Saxaul is a traditional Turkmen firewood. It was heavily harvested in some provinces in Turkmenistan as it was used for fuel to fight the 2008 Central Asia energy crisis. In the Gobi desert, the saxaul is often the only kind of tree found. It used to be, and in some place still is, the only kind of wood that nomads can use for heating and cooking.

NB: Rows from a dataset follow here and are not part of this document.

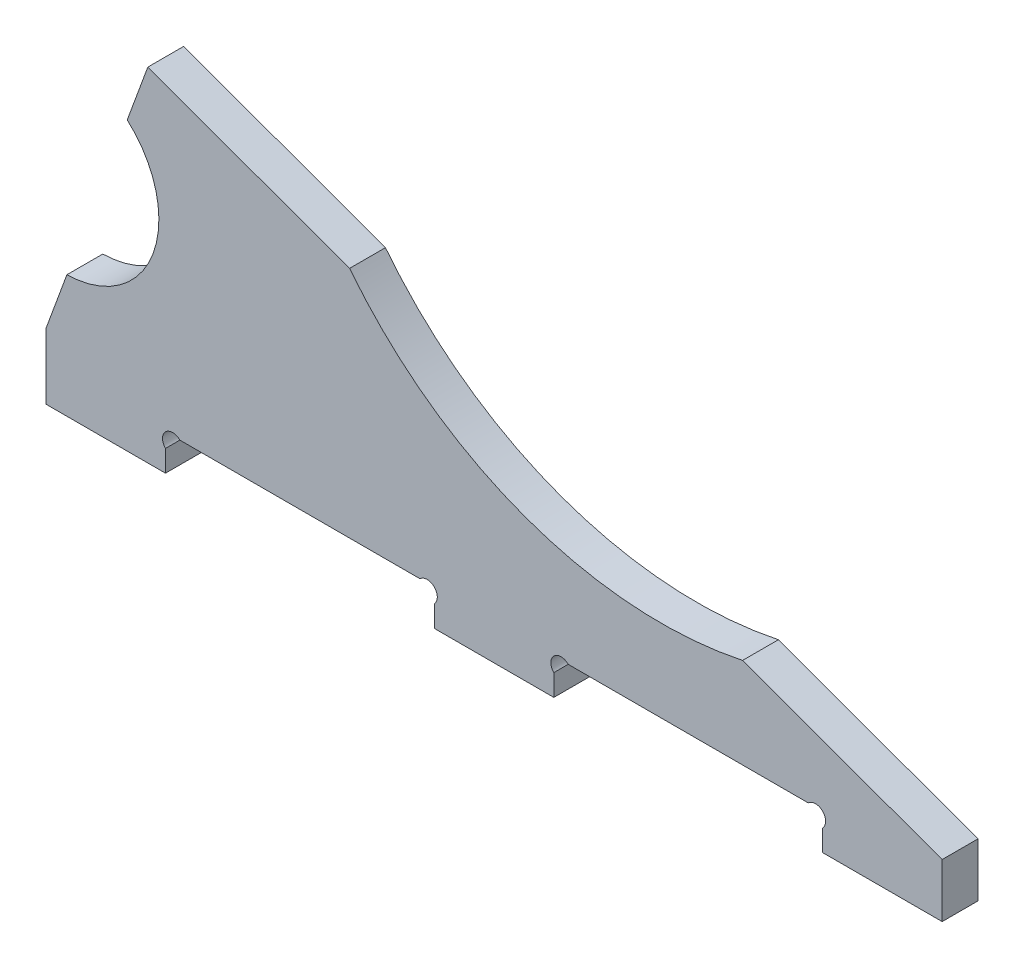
from build123d import *

# Parameters (mm, degrees)
EXTRUSION1_DEPTH = 6


with BuildPart() as part:
    # Esquisse1 → Extrusion1 (new body)
    with BuildSketch(Plane.XY):
        with BuildLine():
            Line((0, 0), (20, 0))
            Line((20, 0), (20, 3.595836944))
            ThreePointArc((20, 3.595836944), (20, 6), (22.404163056, 6))
            Line((22.404163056, 6), (62.595836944, 6))
            ThreePointArc((62.595836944, 6), (65, 6), (65, 3.595836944))
            Line((65, 3.595836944), (65, 0))
            Line((65, 0), (85, 0))
            Line((85, 0), (85, 3.595836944))
            ThreePointArc((85, 3.595836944), (85, 6), (87.404163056, 6))
            Line((87.404163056, 6), (127.595836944, 6))
            ThreePointArc((127.595836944, 6), (130, 6), (130, 3.595836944))
            Line((130, 3.595836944), (130, 0))
            Line((130, 0), (150, 0))
            Line((150, 0), (150, 9))
            Line((150, 9), (116.592002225, 21.159516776))
            ThreePointArc((116.592002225, 21.159516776), (80.282559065, 23.733295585), (50.81351877, 45.100926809))
            Line((50.81351877, 45.100926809), (17.042415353, 57.392603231))
            Line((17.042415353, 57.392603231), (13.594183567, 48.005879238))
            ThreePointArc((13.594183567, 48.005879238), (17.932561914, 30.815246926), (3.497575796, 20.521047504))
            Line((3.497575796, 20.521047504), (0, 11))
            Line((0, 11), (0, 0))
        make_face()
    extrude(amount=EXTRUSION1_DEPTH)


solid = part.part

When the Imperial Russian Navy brought the first steamships into the land-locked Aral Sea, the local Governor-General Vasily Alekseevich Perovsky ordered the commander of Fort Aralsk to collect an "as large as possible supply" of saxaul wood (Anabasis saxaul, in the source) for use by the new steamships on their maiden navigation of 1851. Unfortunately for the Russian naval budget (but probably quite fortunately for the saxaul itself), saxaul wood turned out to be not particularly suitable for steamships, as the hard and resinous wood was difficult to cut, and knotty and crooked saxaul logs could not be stored space-efficiently in the ships' holds. Therefore, starting from 1852, the Aral Flotilla switched to coal as its main fuel, despite the remarkable costs of shipping it by caravan from Orenburg.

The Uzbek government has also planted the trees in the Aralkum Desert to help prevent the spread of toxic salts left behind when the Aral Sea dried up, which have caused numerous health problems for people living on the perimeter of the desert.